Copy each line of the listing that includes "blind".

━━━ Data

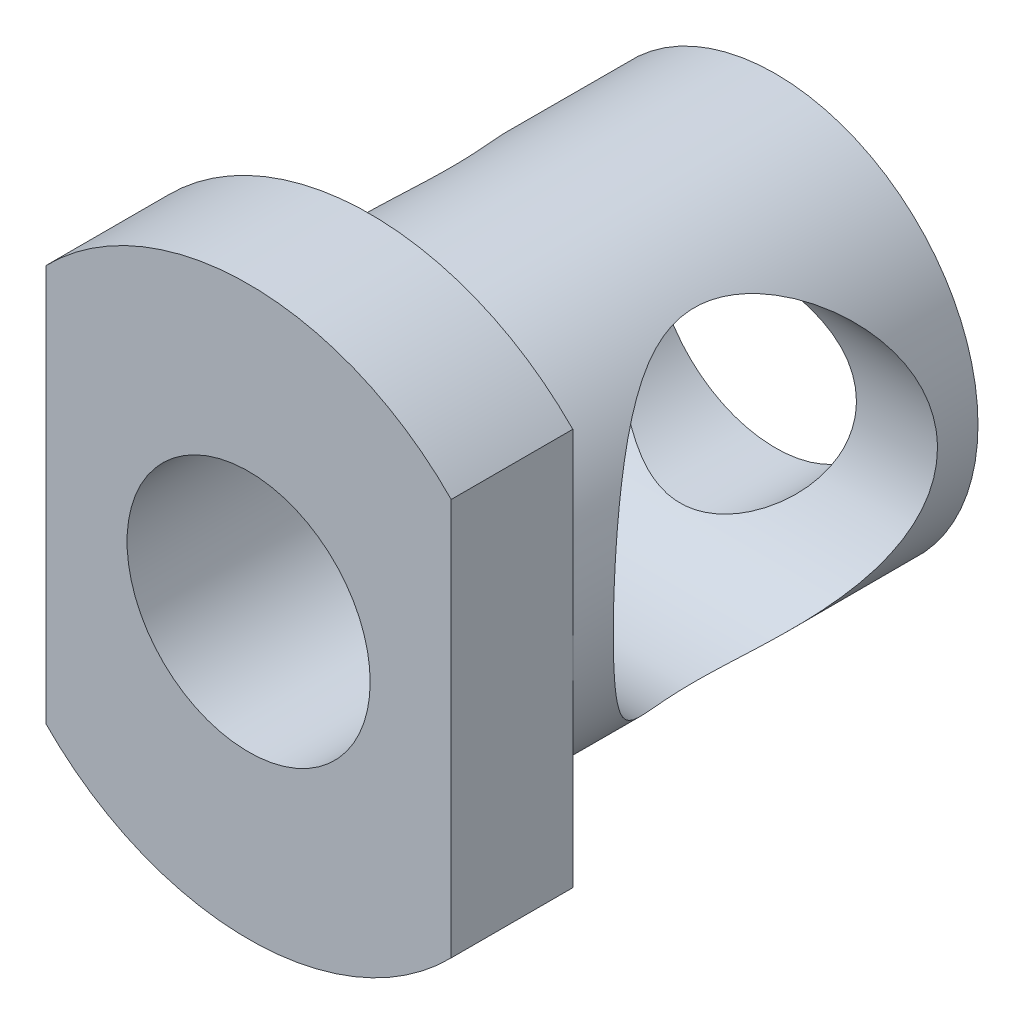
SolidWorks part; units mm, degrees
ref_plane "前视基准面" through (0, 0, 0) normal (0, 0, 1) x (1, 0, 0)
ref_plane "上视基准面" through (0, 0, 0) normal (0, 1, 0) x (1, 0, 0)
ref_plane "右视基准面" through (0, 0, 0) normal (1, 0, 0) x (0, 0, -1)
sketch "草图1" plane through (0, 0, 0) normal (0, 0, 1) x (1, 0, 0)
  circle A0 centre (0, 0) radius 2.5
extrude "凸台-拉伸1" add sketch "草图1" along normal blind 5
sketch "草图2" plane through (0, 0, 5) normal (0, 0, 1) x (1, 0, 0)
  line L0 (-2.5, 2.4495) -> (-2.5, -2.4495)
  line L2 (2.5, 2.4495) -> (2.5, -2.4495)
  arc A0 (-2.5, -2.4495) -> (2.5, -2.4495) centre (0, 0) ccw
  arc A1 (2.5, 2.4495) -> (-2.5, 2.4495) centre (0, 0) ccw
extrude "凸台-拉伸2" add sketch "草图2" along normal blind 1.5
sketch "草图3" plane through (0, 0, 6.5) normal (0, 0, 1) x (1, 0, 0)
  circle A0 centre (0, 0) radius 1.5
  dimension "D1" = 3
extrude "切除-拉伸1" cut sketch "草图3" against normal through all
sketch "草图4" plane through (0, 0, 0) normal (1, 0, 0) x (0, 0, -1)
  line L0 (0, 0) -> (-2.5, 0) construction
  circle A0 centre (-2.5, 0) radius 2
  dimension "D1" = 2.5
extrude "切除-拉伸2" cut sketch "草图4" against normal mid plane 10

━━━━━━

== Written reply ==
extrude "凸台-拉伸1" add sketch "草图1" along normal blind 5
extrude "凸台-拉伸2" add sketch "草图2" along normal blind 1.5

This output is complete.